My unique blend of lived experience and formal study changed the way I am and the way I teach. It made me more compassionate, more attuned and more determined to support women in ways I wish I had been supported.
I also bring a background as a veterinarian, which means I occasionally tell students to move their “front legs” – but it also means I understand anatomy, physiology and the instinctive patterns of birth and recovery in a way that beautifully complements yoga.
All of this – the births, the losses, the training, the healing – became the foundation for Becoming Mama Yoga, an online home for women in early matrescence: pre-conception, pregnancy and post-natal recovery.

Why Mothers Need More Than Information – They Need Support
So many women enter pregnancy and early motherhood feeling unprepared, overwhelmed or alone.
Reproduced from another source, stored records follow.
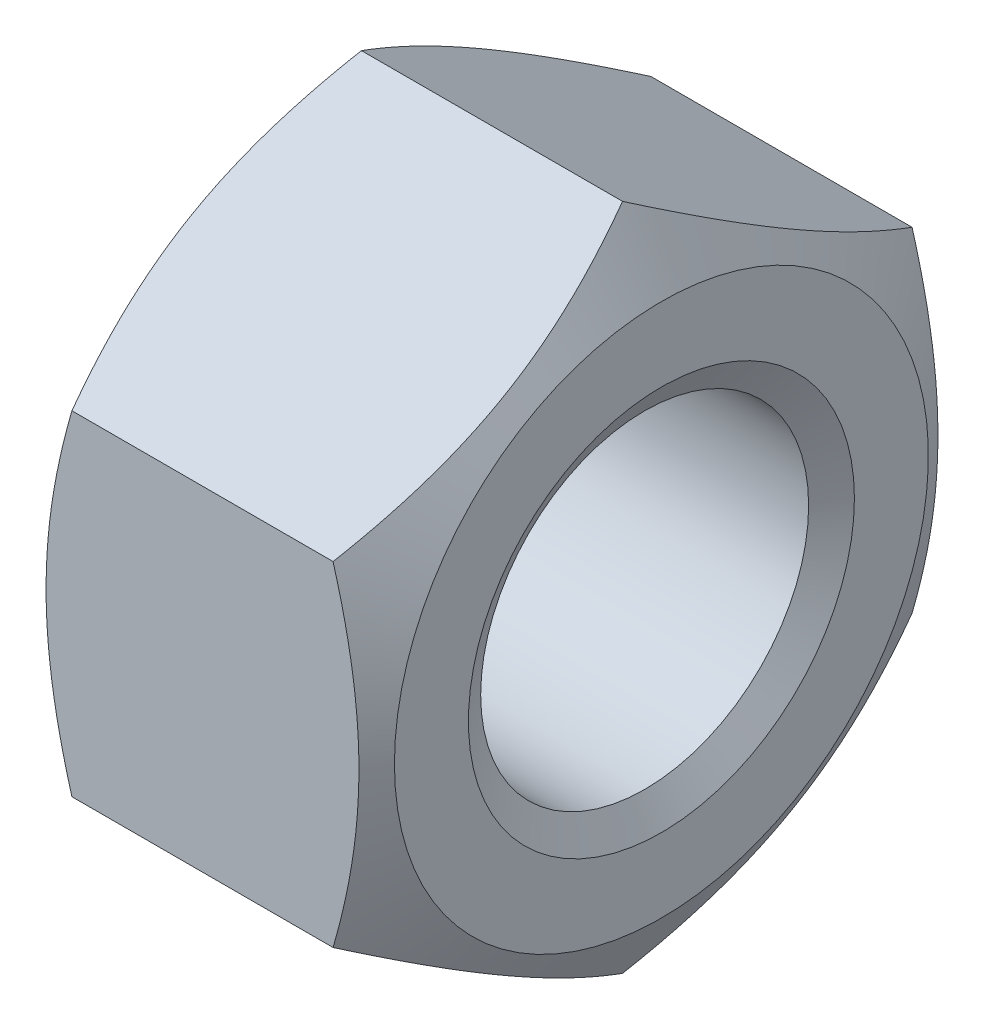
ISO-10303-21;
HEADER;
FILE_DESCRIPTION(('STEP AP214'),'2;1');
FILE_NAME('part.step','',(''),(''),'','','');
FILE_SCHEMA(('AUTOMOTIVE_DESIGN { 1 0 10303 214 1 1 1 1 }'));
ENDSEC;
DATA;
#1=APPLICATION_CONTEXT('core data for automotive mechanical design processes');
#2=APPLICATION_PROTOCOL_DEFINITION('international standard','automotive_design',2000,#1);
#3=PRODUCT_CONTEXT('',#1,'mechanical');
#4=PRODUCT('Part','Part','',(#3));
#5=PRODUCT_RELATED_PRODUCT_CATEGORY('part','',(#4));
#6=PRODUCT_DEFINITION_FORMATION('','',#4);
#7=PRODUCT_DEFINITION_CONTEXT('part definition',#1,'design');
#8=PRODUCT_DEFINITION('design','',#6,#7);
#9=PRODUCT_DEFINITION_SHAPE('','',#8);
#10=(LENGTH_UNIT() NAMED_UNIT(*) SI_UNIT(.MILLI.,.METRE.));
#11=(NAMED_UNIT(*) PLANE_ANGLE_UNIT() SI_UNIT($,.RADIAN.));
#12=(NAMED_UNIT(*) SI_UNIT($,.STERADIAN.) SOLID_ANGLE_UNIT());
#13=UNCERTAINTY_MEASURE_WITH_UNIT(LENGTH_MEASURE(1.E-05),#10,'distance_accuracy_value','');
#14=(GEOMETRIC_REPRESENTATION_CONTEXT(3) GLOBAL_UNCERTAINTY_ASSIGNED_CONTEXT((#13)) GLOBAL_UNIT_ASSIGNED_CONTEXT((#10,
#11,#12)) REPRESENTATION_CONTEXT('',''));
#15=CARTESIAN_POINT('',(0.,0.,0.));
#16=DIRECTION('',(0.,0.,1.));
#17=DIRECTION('',(1.,0.,0.));
#18=AXIS2_PLACEMENT_3D('',#15,#16,#17);
#19=CARTESIAN_POINT('',(0.,-7.79422863405995,13.5));
#20=DIRECTION('',(0.,0.,1.));
#21=DIRECTION('',(1.,0.,0.));
#22=AXIS2_PLACEMENT_3D('',#19,#20,#21);
#23=PLANE('',#22);
#24=CARTESIAN_POINT('',(13.9880108170991,7.79422866024235,13.4999999629604));
#25=CARTESIAN_POINT('',(14.0869101067593,7.45160224952271,13.4999999866953));
#26=CARTESIAN_POINT('',(14.1813213508545,7.10763941052336,13.4999999964342));
#27=CARTESIAN_POINT('',(14.3599202672367,6.41695557527496,13.5000000035669));
#28=CARTESIAN_POINT('',(14.4441045770286,6.07023371159992,13.5000000009567));
#29=CARTESIAN_POINT('',(14.6011179835783,5.37336182789301,13.499999999041));
#30=CARTESIAN_POINT('',(14.6739202156594,5.02320571029543,13.4999999997433));
#31=CARTESIAN_POINT('',(14.8066061822784,4.32046037851166,13.5000000002567));
#32=CARTESIAN_POINT('',(14.8664906537927,3.96787130431411,13.500000000068));
#33=CARTESIAN_POINT('',(14.9707940384127,3.26929452818138,13.4999999999337));
#34=CARTESIAN_POINT('',(15.0155581871121,2.92335868569997,13.4999999999822));
#35=CARTESIAN_POINT('',(15.0906168963567,2.22990195665751,13.5000000000178));
#36=CARTESIAN_POINT('',(15.1209111783586,1.88238103971397,13.5000000000048));
#37=CARTESIAN_POINT('',(15.166265243494,1.1867555101566,13.4999999999952));
#38=CARTESIAN_POINT('',(15.181343128927,0.838652085767659,13.4999999999987));
#39=CARTESIAN_POINT('',(15.1959401460983,0.142124020372473,13.5000000000013));
#40=CARTESIAN_POINT('',(15.1954597586715,-0.206300610373957,13.5000000000003));
#41=CARTESIAN_POINT('',(15.180027703548,-0.857664265109713,13.4999999999997));
#42=CARTESIAN_POINT('',(15.1669583745284,-1.16064973519983,13.4999999999999));
#43=CARTESIAN_POINT('',(15.1293010846734,-1.76592371877752,13.5000000000001));
#44=CARTESIAN_POINT('',(15.1047123092189,-2.06821218145541,13.5));
#45=CARTESIAN_POINT('',(15.0444448015208,-2.67192796651877,13.5));
#46=CARTESIAN_POINT('',(15.0087569114279,-2.97335436959429,13.5));
#47=CARTESIAN_POINT('',(14.9269172441516,-3.57479409811263,13.5));
#48=CARTESIAN_POINT('',(14.8807647556925,-3.87480732608679,13.5));
#49=CARTESIAN_POINT('',(14.7254437774325,-4.7855133357403,13.5));
#50=CARTESIAN_POINT('',(14.6007889254714,-5.39356902077825,13.5));
#51=CARTESIAN_POINT('',(14.3178743257524,-6.60061416271224,13.5));
#52=CARTESIAN_POINT('',(14.1596810103467,-7.19961907073027,13.5));
#53=CARTESIAN_POINT('',(13.9880108740801,-7.79422854685829,13.5));
#54=B_SPLINE_CURVE_WITH_KNOTS('',3,(#24,#25,#26,#27,#28,#29,#30,#31,#32,#33,#34,#35,#36,#37,#38,
#39,#40,#41,#42,#43,#44,#45,#46,#47,#48,#49,#50,#51,#52,#53),.UNSPECIFIED.,.F.,.F.,(4,2,2,2,2,2,
2,2,2,2,2,2,2,2,4),(0.,1.06987159776845,2.14009401005534,3.21280548552692,4.28545574510436,
5.33163116237121,6.37782671758112,7.42277618604716,8.46769335994359,9.37727574294967,
10.286922458478,11.1973217211974,12.1077828820422,13.9687405030041,15.8260458501166),.UNSPECIFIED.);
#55=CARTESIAN_POINT('',(13.9880108615043,7.79422865587877,13.4999999622087));
#56=VERTEX_POINT('',#55);
#57=CARTESIAN_POINT('',(13.9880108615043,-7.79422859042231,13.5));
#58=VERTEX_POINT('',#57);
#59=EDGE_CURVE('E93',#56,#58,#54,.T.);
#60=ORIENTED_EDGE('',*,*,#59,.F.);
#61=DIRECTION('',(1.,0.,0.));
#62=VECTOR('',#61,1.);
#63=CARTESIAN_POINT('',(0.,7.79422863405994,13.5));
#64=LINE('',#63,#62);
#65=CARTESIAN_POINT('',(1.8119891384957,7.7942285904223,13.5));
#66=VERTEX_POINT('',#65);
#67=EDGE_CURVE('E81',#66,#56,#64,.T.);
#68=ORIENTED_EDGE('',*,*,#67,.F.);
#69=CARTESIAN_POINT('',(1.81198912561879,-7.79422854686542,13.500000000463));
#70=CARTESIAN_POINT('',(1.71308985229794,-7.45160213430493,13.5000000001663));
#71=CARTESIAN_POINT('',(1.61867861594952,-7.10763929583323,13.5000000000446));
#72=CARTESIAN_POINT('',(1.4400797074397,-6.41695546364648,13.4999999999554));
#73=CARTESIAN_POINT('',(1.35589539777403,-6.07023360250527,13.499999999988));
#74=CARTESIAN_POINT('',(1.19888199347092,-5.37336172328858,13.500000000012));
#75=CARTESIAN_POINT('',(1.12607976351741,-5.02320560764564,13.5000000000032));
#76=CARTESIAN_POINT('',(0.993393800551334,-4.32046027993857,13.4999999999968));
#77=CARTESIAN_POINT('',(0.933509330563812,-3.9678712078628,13.4999999999991));
#78=CARTESIAN_POINT('',(0.82920594899106,-3.26929443570327,13.5000000000008));
#79=CARTESIAN_POINT('',(0.784441801819853,-2.92335859507128,13.5000000000002));
#80=CARTESIAN_POINT('',(0.709383095497415,-2.22990186977403,13.4999999999998));
#81=CARTESIAN_POINT('',(0.679088814890541,-1.88238095472614,13.4999999999999));
#82=CARTESIAN_POINT('',(0.633734752427124,-1.18675542906523,13.5000000000001));
#83=CARTESIAN_POINT('',(0.618656868269169,-0.838652006677177,13.5));
#84=CARTESIAN_POINT('',(0.60405985347564,-0.142123945350782,13.5));
#85=CARTESIAN_POINT('',(0.604540242004641,0.206300683327735,13.5));
#86=CARTESIAN_POINT('',(0.619972298979994,0.857664333131881,13.5));
#87=CARTESIAN_POINT('',(0.633041628733476,1.16064980036442,13.5));
#88=CARTESIAN_POINT('',(0.670698919816643,1.76592377821084,13.5));
#89=CARTESIAN_POINT('',(0.695287695765376,2.06821223801505,13.5));
#90=CARTESIAN_POINT('',(0.755555204216084,2.67192801734991,13.5));
#91=CARTESIAN_POINT('',(0.791243094567766,2.97335441757055,13.5));
#92=CARTESIAN_POINT('',(0.87308276213432,3.57479414039116,13.5));
#93=CARTESIAN_POINT('',(0.919235250624787,3.87480736552248,13.5));
#94=CARTESIAN_POINT('',(1.07455622858459,4.78551336612989,13.5));
#95=CARTESIAN_POINT('',(1.19921107984878,5.39356904500594,13.5));
#96=CARTESIAN_POINT('',(1.48212567742134,6.60061417472291,13.5));
#97=CARTESIAN_POINT('',(1.64031899137585,7.19961907668625,13.5));
#98=CARTESIAN_POINT('',(1.81198912591985,7.79422854685829,13.5));
#99=B_SPLINE_CURVE_WITH_KNOTS('',3,(#69,#70,#71,#72,#73,#74,#75,#76,#77,#78,#79,#80,#81,#82,#83,
#84,#85,#86,#87,#88,#89,#90,#91,#92,#93,#94,#95,#96,#97,#98),.UNSPECIFIED.,.F.,.F.,(4,2,2,2,2,2,
2,2,2,2,2,2,2,2,4),(0.,1.06987159010074,2.14009399505598,3.21280546340358,4.28545571597528,
5.33163112714016,6.37782667632872,7.42277613863558,8.4676933063396,9.37727568088262,
10.2869223879455,11.1973216422575,12.107782794693,13.9687403971654,15.8260457256511),.UNSPECIFIED.);
#100=CARTESIAN_POINT('',(1.8119891558046,-7.79422862589889,13.5000000141354));
#101=VERTEX_POINT('',#100);
#102=EDGE_CURVE('E251',#101,#66,#99,.T.);
#103=ORIENTED_EDGE('',*,*,#102,.F.);
#104=DIRECTION('',(1.,0.,0.));
#105=VECTOR('',#104,1.);
#106=CARTESIAN_POINT('',(0.,-7.79422863405995,13.5));
#107=LINE('',#106,#105);
#108=EDGE_CURVE('E96',#58,#101,#107,.F.);
#109=ORIENTED_EDGE('',*,*,#108,.F.);
#110=EDGE_LOOP('',(#60,#68,#103,#109));
#111=FACE_BOUND('',#110,.T.);
#112=ADVANCED_FACE('F17',(#111),#23,.T.);
#113=CARTESIAN_POINT('',(0.,7.79422863405994,13.5));
#114=DIRECTION('',(0.,0.866025403784438,0.5));
#115=DIRECTION('',(0.,-0.5,0.866025403784438));
#116=AXIS2_PLACEMENT_3D('',#113,#114,#115);
#117=PLANE('',#116);
#118=CARTESIAN_POINT('',(13.9880108743808,15.5884572249238,7.57432768256929E-08));
#119=CARTESIAN_POINT('',(14.0869101477017,15.4171440183868,0.296723252879927));
#120=CARTESIAN_POINT('',(14.1813213840502,15.2451625990456,0.594603808893396));
#121=CARTESIAN_POINT('',(14.3599202925601,14.899820682875,1.19275355350579));
#122=CARTESIAN_POINT('',(14.4441046022258,14.7264597523326,1.49302349331781));
#123=CARTESIAN_POINT('',(14.6011180065289,14.378023812745,2.09653224391446));
#124=CARTESIAN_POINT('',(14.6739202364824,14.2029457549159,2.39977633534736));
#125=CARTESIAN_POINT('',(14.8066061994485,13.8515730910568,3.00837164152931));
#126=CARTESIAN_POINT('',(14.8664906694361,13.675278555021,3.31372273504491));
#127=CARTESIAN_POINT('',(14.9707940510088,13.3259901689426,3.91870796622966));
#128=CARTESIAN_POINT('',(15.0155581981801,13.1530222486261,4.21829719229619));
#129=CARTESIAN_POINT('',(15.0906169045025,12.8062938859771,4.81884833282858));
#130=CARTESIAN_POINT('',(15.1209111851094,12.6325334284533,5.11981027360657));
#131=CARTESIAN_POINT('',(15.1662652475728,12.2847206656229,5.7222396503499));
#132=CARTESIAN_POINT('',(15.1813431317308,12.1106689544288,6.02370605728225));
#133=CARTESIAN_POINT('',(15.1959401465244,11.7624049237656,6.62691705283965));
#134=CARTESIAN_POINT('',(15.1954597579954,11.5881926094263,6.92866163257942));
#135=CARTESIAN_POINT('',(15.18002770102,11.2625107845242,7.4927591004116));
#136=CARTESIAN_POINT('',(15.1669583712665,11.111018050908,7.75515221201249));
#137=CARTESIAN_POINT('',(15.1293010801834,10.8083810619847,8.27933485307719));
#138=CARTESIAN_POINT('',(15.1047123042347,10.6572368320826,8.54112433853853));
#139=CARTESIAN_POINT('',(15.044444795784,10.3553789424152,9.06395754010808));
#140=CARTESIAN_POINT('',(15.0087569054323,10.2046657423048,9.32500046007046));
#141=CARTESIAN_POINT('',(14.9269172378657,9.9039458808945,9.84586253887822));
#142=CARTESIAN_POINT('',(14.8807647493753,9.75393926832883,10.1056816133133));
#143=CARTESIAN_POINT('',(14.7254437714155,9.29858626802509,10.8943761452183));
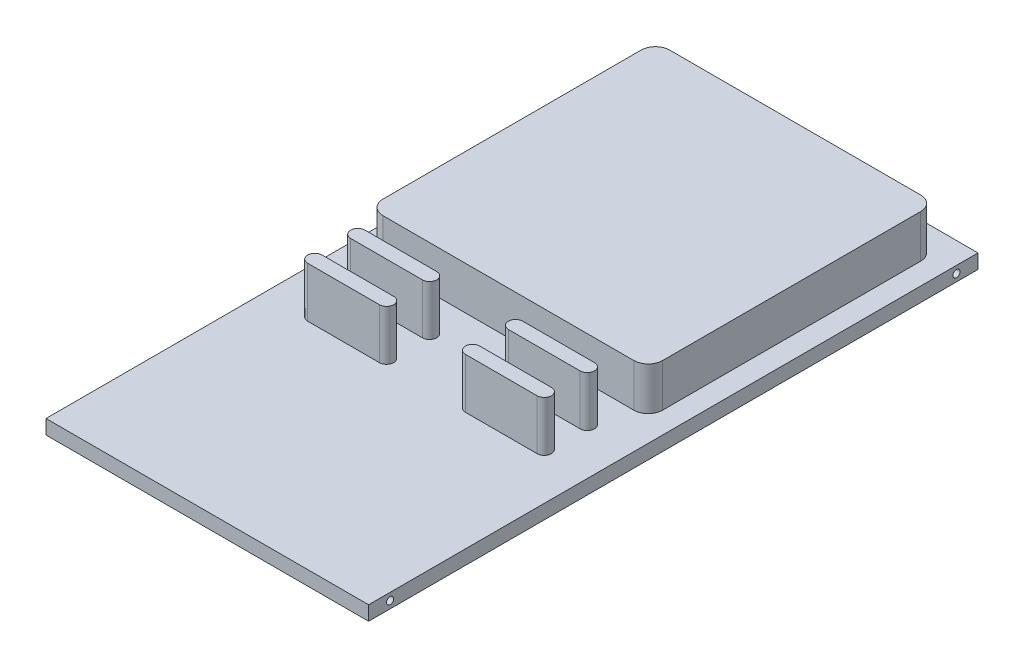
ISO-10303-21;
HEADER;
FILE_DESCRIPTION(('STEP AP214'),'2;1');
FILE_NAME('part.step','',(''),(''),'','','');
FILE_SCHEMA(('AUTOMOTIVE_DESIGN { 1 0 10303 214 1 1 1 1 }'));
ENDSEC;
DATA;
#1=APPLICATION_CONTEXT('core data for automotive mechanical design processes');
#2=APPLICATION_PROTOCOL_DEFINITION('international standard','automotive_design',2000,#1);
#3=PRODUCT_CONTEXT('',#1,'mechanical');
#4=PRODUCT('Part','Part','',(#3));
#5=PRODUCT_RELATED_PRODUCT_CATEGORY('part','',(#4));
#6=PRODUCT_DEFINITION_FORMATION('','',#4);
#7=PRODUCT_DEFINITION_CONTEXT('part definition',#1,'design');
#8=PRODUCT_DEFINITION('design','',#6,#7);
#9=PRODUCT_DEFINITION_SHAPE('','',#8);
#10=(LENGTH_UNIT() NAMED_UNIT(*) SI_UNIT(.MILLI.,.METRE.));
#11=(NAMED_UNIT(*) PLANE_ANGLE_UNIT() SI_UNIT($,.RADIAN.));
#12=(NAMED_UNIT(*) SI_UNIT($,.STERADIAN.) SOLID_ANGLE_UNIT());
#13=UNCERTAINTY_MEASURE_WITH_UNIT(LENGTH_MEASURE(1.E-05),#10,'distance_accuracy_value','');
#14=(GEOMETRIC_REPRESENTATION_CONTEXT(3) GLOBAL_UNCERTAINTY_ASSIGNED_CONTEXT((#13)) GLOBAL_UNIT_ASSIGNED_CONTEXT((#10,
#11,#12)) REPRESENTATION_CONTEXT('',''));
#15=CARTESIAN_POINT('',(0.,0.,0.));
#16=DIRECTION('',(0.,0.,1.));
#17=DIRECTION('',(1.,0.,0.));
#18=AXIS2_PLACEMENT_3D('',#15,#16,#17);
#19=CARTESIAN_POINT('',(0.,2.54,0.));
#20=DIRECTION('',(0.,-1.,0.));
#21=DIRECTION('',(0.,0.,-1.));
#22=AXIS2_PLACEMENT_3D('',#19,#20,#21);
#23=PLANE('',#22);
#24=CARTESIAN_POINT('',(48.895,2.54,-46.99));
#25=DIRECTION('',(0.,1.,0.));
#26=DIRECTION('',(0.,0.,-1.));
#27=AXIS2_PLACEMENT_3D('',#24,#25,#26);
#28=CIRCLE('',#27,1.27);
#29=CARTESIAN_POINT('',(48.895,2.54,-45.72));
#30=VERTEX_POINT('',#29);
#31=CARTESIAN_POINT('',(48.895,2.54,-48.26));
#32=VERTEX_POINT('',#31);
#33=EDGE_CURVE('E229',#30,#32,#28,.T.);
#34=ORIENTED_EDGE('',*,*,#33,.F.);
#35=DIRECTION('',(1.,0.,0.));
#36=VECTOR('',#35,1.);
#37=CARTESIAN_POINT('',(48.895,2.54,-45.72));
#38=LINE('',#37,#36);
#39=CARTESIAN_POINT('',(36.195,2.54,-45.72));
#40=VERTEX_POINT('',#39);
#41=EDGE_CURVE('E232',#40,#30,#38,.T.);
#42=ORIENTED_EDGE('',*,*,#41,.F.);
#43=CARTESIAN_POINT('',(36.195,2.54,-46.99));
#44=DIRECTION('',(0.,1.,0.));
#45=DIRECTION('',(0.,0.,-1.));
#46=AXIS2_PLACEMENT_3D('',#43,#44,#45);
#47=CIRCLE('',#46,1.27);
#48=CARTESIAN_POINT('',(36.195,2.54,-48.26));
#49=VERTEX_POINT('',#48);
#50=EDGE_CURVE('E253',#49,#40,#47,.T.);
#51=ORIENTED_EDGE('',*,*,#50,.F.);
#52=DIRECTION('',(-1.,0.,0.));
#53=VECTOR('',#52,1.);
#54=CARTESIAN_POINT('',(48.895,2.54,-48.26));
#55=LINE('',#54,#53);
#56=EDGE_CURVE('E235',#32,#49,#55,.T.);
#57=ORIENTED_EDGE('',*,*,#56,.F.);
#58=EDGE_LOOP('',(#34,#42,#51,#57));
#59=FACE_BOUND('',#58,.T.);
#60=CARTESIAN_POINT('',(48.895,2.54,-39.37));
#61=DIRECTION('',(0.,1.,0.));
#62=DIRECTION('',(0.,0.,-1.));
#63=AXIS2_PLACEMENT_3D('',#60,#61,#62);
#64=CIRCLE('',#63,1.27);
#65=CARTESIAN_POINT('',(48.895,2.54,-38.1));
#66=VERTEX_POINT('',#65);
#67=CARTESIAN_POINT('',(48.895,2.54,-40.64));
#68=VERTEX_POINT('',#67);
#69=EDGE_CURVE('E354',#66,#68,#64,.T.);
#70=ORIENTED_EDGE('',*,*,#69,.F.);
#71=DIRECTION('',(1.,0.,0.));
#72=VECTOR('',#71,1.);
#73=CARTESIAN_POINT('',(48.895,2.54,-38.1));
#74=LINE('',#73,#72);
#75=CARTESIAN_POINT('',(36.195,2.54,-38.1));
#76=VERTEX_POINT('',#75);
#77=EDGE_CURVE('E341',#76,#66,#74,.T.);
#78=ORIENTED_EDGE('',*,*,#77,.F.);
#79=CARTESIAN_POINT('',(36.195,2.54,-39.37));
#80=DIRECTION('',(0.,1.,0.));
#81=DIRECTION('',(0.,0.,-1.));
#82=AXIS2_PLACEMENT_3D('',#79,#80,#81);
#83=CIRCLE('',#82,1.27);
#84=CARTESIAN_POINT('',(36.195,2.54,-40.64));
#85=VERTEX_POINT('',#84);
#86=EDGE_CURVE('E345',#85,#76,#83,.T.);
#87=ORIENTED_EDGE('',*,*,#86,.F.);
#88=DIRECTION('',(-1.,0.,0.));
#89=VECTOR('',#88,1.);
#90=CARTESIAN_POINT('',(48.895,2.54,-40.64));
#91=LINE('',#90,#89);
#92=EDGE_CURVE('E350',#68,#85,#91,.T.);
#93=ORIENTED_EDGE('',*,*,#92,.F.);
#94=EDGE_LOOP('',(#70,#78,#87,#93));
#95=FACE_BOUND('',#94,.T.);
#96=DIRECTION('',(0.,0.,1.));
#97=VECTOR('',#96,1.);
#98=CARTESIAN_POINT('',(0.,2.54,0.));
#99=LINE('',#98,#97);
#100=CARTESIAN_POINT('',(0.,2.54,-107.95));
#101=VERTEX_POINT('',#100);
#102=CARTESIAN_POINT('',(0.,2.54,0.));
#103=VERTEX_POINT('',#102);
#104=EDGE_CURVE('E415',#101,#103,#99,.T.);
#105=ORIENTED_EDGE('',*,*,#104,.T.);
#106=DIRECTION('',(1.,0.,0.));
#107=VECTOR('',#106,1.);
#108=CARTESIAN_POINT('',(0.,2.54,0.));
#109=LINE('',#108,#107);
#110=CARTESIAN_POINT('',(57.15,2.54,0.));
#111=VERTEX_POINT('',#110);
#112=EDGE_CURVE('E419',#103,#111,#109,.T.);
#113=ORIENTED_EDGE('',*,*,#112,.T.);
#114=DIRECTION('',(0.,0.,-1.));
#115=VECTOR('',#114,1.);
#116=CARTESIAN_POINT('',(57.15,2.54,0.));
#117=LINE('',#116,#115);
#118=CARTESIAN_POINT('',(57.15,2.54,-107.95));
#119=VERTEX_POINT('',#118);
#120=EDGE_CURVE('E423',#111,#119,#117,.T.);
#121=ORIENTED_EDGE('',*,*,#120,.T.);
#122=DIRECTION('',(-1.,0.,0.));
#123=VECTOR('',#122,1.);
#124=CARTESIAN_POINT('',(0.,2.54,-107.95));
#125=LINE('',#124,#123);
#126=EDGE_CURVE('E426',#119,#101,#125,.T.);
#127=ORIENTED_EDGE('',*,*,#126,.T.);
#128=EDGE_LOOP('',(#105,#113,#121,#127));
#129=FACE_BOUND('',#128,.T.);
#130=CARTESIAN_POINT('',(8.255,2.54,-39.37));
#131=DIRECTION('',(0.,1.,0.));
#132=DIRECTION('',(0.,0.,1.));
#133=AXIS2_PLACEMENT_3D('',#130,#131,#132);
#134=CIRCLE('',#133,1.27);
#135=CARTESIAN_POINT('',(8.255,2.54,-40.64));
#136=VERTEX_POINT('',#135);
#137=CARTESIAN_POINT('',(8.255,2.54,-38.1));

I know this intimately. I lived it.
I didn’t know how to advocate for myself, or trust in my own intuition.
I didn’t know you could influence foetal positioning (before and during labour) to positively impact the birth.
I didn’t know how to recognise a good latch or protect my milk supply.
I didn’t know how to rebuild my core or pelvic floor safely after birth.
I didn’t know how to navigate the emotional storms that came with each new chapter.
And I didn’t know how much I didn’t know – until I was already in the thick of it.
That gap between what I thought I knew and what I desperately needed to know became the fire that fuels my work today.
I didn’t want other women to learn these lessons the hard way… I wanted them to understand their bodies, their choices, the many paths a positive birth can take.